[Stored entries]
----------------

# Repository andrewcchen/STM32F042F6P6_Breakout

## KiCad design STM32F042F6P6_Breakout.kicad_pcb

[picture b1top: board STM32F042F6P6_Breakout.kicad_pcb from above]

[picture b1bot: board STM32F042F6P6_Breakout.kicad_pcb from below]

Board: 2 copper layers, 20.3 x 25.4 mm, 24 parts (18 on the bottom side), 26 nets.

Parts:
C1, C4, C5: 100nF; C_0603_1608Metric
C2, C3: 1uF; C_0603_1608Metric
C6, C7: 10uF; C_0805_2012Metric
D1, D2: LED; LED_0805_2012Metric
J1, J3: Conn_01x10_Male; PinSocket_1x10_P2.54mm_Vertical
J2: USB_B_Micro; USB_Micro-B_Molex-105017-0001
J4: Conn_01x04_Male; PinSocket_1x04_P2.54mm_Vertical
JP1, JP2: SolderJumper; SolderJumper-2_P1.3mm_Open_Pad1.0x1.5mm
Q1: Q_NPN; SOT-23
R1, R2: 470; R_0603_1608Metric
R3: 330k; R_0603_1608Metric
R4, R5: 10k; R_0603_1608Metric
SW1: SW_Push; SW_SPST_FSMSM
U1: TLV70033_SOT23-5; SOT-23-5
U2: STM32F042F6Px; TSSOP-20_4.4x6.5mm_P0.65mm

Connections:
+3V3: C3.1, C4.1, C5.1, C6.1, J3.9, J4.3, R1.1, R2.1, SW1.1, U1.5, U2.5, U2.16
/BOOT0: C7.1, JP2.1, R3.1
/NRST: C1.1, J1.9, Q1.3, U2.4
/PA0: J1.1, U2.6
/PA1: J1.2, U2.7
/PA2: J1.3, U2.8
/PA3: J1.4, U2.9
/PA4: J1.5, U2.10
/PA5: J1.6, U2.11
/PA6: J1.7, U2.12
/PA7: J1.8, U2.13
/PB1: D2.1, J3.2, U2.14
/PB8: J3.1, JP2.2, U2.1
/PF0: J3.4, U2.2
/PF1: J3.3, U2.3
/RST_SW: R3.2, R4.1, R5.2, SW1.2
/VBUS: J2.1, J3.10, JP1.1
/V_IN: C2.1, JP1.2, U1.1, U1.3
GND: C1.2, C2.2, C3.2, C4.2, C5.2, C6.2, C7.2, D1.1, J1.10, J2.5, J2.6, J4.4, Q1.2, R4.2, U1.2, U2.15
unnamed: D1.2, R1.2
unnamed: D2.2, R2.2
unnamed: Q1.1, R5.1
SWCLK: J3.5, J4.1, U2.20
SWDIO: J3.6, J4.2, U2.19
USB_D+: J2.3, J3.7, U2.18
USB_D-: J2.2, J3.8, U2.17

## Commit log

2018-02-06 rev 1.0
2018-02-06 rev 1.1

----------------

● **Work task**: Nothing may change. Retype all of the entries.

● **Response box**:
# Repository andrewcchen/STM32F042F6P6_Breakout

## KiCad design STM32F042F6P6_Breakout.kicad_pcb

[picture b1top: board STM32F042F6P6_Breakout.kicad_pcb from above]

[picture b1bot: board STM32F042F6P6_Breakout.kicad_pcb from below]

Board: 2 copper layers, 20.3 x 25.4 mm, 24 parts (18 on the bottom side), 26 nets.

Parts:
C1, C4, C5: 100nF; C_0603_1608Metric
C2, C3: 1uF; C_0603_1608Metric
C6, C7: 10uF; C_0805_2012Metric
D1, D2: LED; LED_0805_2012Metric
J1, J3: Conn_01x10_Male; PinSocket_1x10_P2.54mm_Vertical
J2: USB_B_Micro; USB_Micro-B_Molex-105017-0001
J4: Conn_01x04_Male; PinSocket_1x04_P2.54mm_Vertical
JP1, JP2: SolderJumper; SolderJumper-2_P1.3mm_Open_Pad1.0x1.5mm
Q1: Q_NPN; SOT-23
R1, R2: 470; R_0603_1608Metric
R3: 330k; R_0603_1608Metric
R4, R5: 10k; R_0603_1608Metric
SW1: SW_Push; SW_SPST_FSMSM
U1: TLV70033_SOT23-5; SOT-23-5
U2: STM32F042F6Px; TSSOP-20_4.4x6.5mm_P0.65mm

Connections:
+3V3: C3.1, C4.1, C5.1, C6.1, J3.9, J4.3, R1.1, R2.1, SW1.1, U1.5, U2.5, U2.16
/BOOT0: C7.1, JP2.1, R3.1
/NRST: C1.1, J1.9, Q1.3, U2.4
/PA0: J1.1, U2.6
/PA1: J1.2, U2.7
/PA2: J1.3, U2.8
/PA3: J1.4, U2.9
/PA4: J1.5, U2.10
/PA5: J1.6, U2.11
/PA6: J1.7, U2.12
/PA7: J1.8, U2.13
/PB1: D2.1, J3.2, U2.14
/PB8: J3.1, JP2.2, U2.1
/PF0: J3.4, U2.2
/PF1: J3.3, U2.3
/RST_SW: R3.2, R4.1, R5.2, SW1.2
/VBUS: J2.1, J3.10, JP1.1
/V_IN: C2.1, JP1.2, U1.1, U1.3
GND: C1.2, C2.2, C3.2, C4.2, C5.2, C6.2, C7.2, D1.1, J1.10, J2.5, J2.6, J4.4, Q1.2, R4.2, U1.2, U2.15
unnamed: D1.2, R1.2
unnamed: D2.2, R2.2
unnamed: Q1.1, R5.1
SWCLK: J3.5, J4.1, U2.20
SWDIO: J3.6, J4.2, U2.19
USB_D+: J2.3, J3.7, U2.18
USB_D-: J2.2, J3.8, U2.17

## Commit log

2018-02-06 rev 1.0
2018-02-06 rev 1.1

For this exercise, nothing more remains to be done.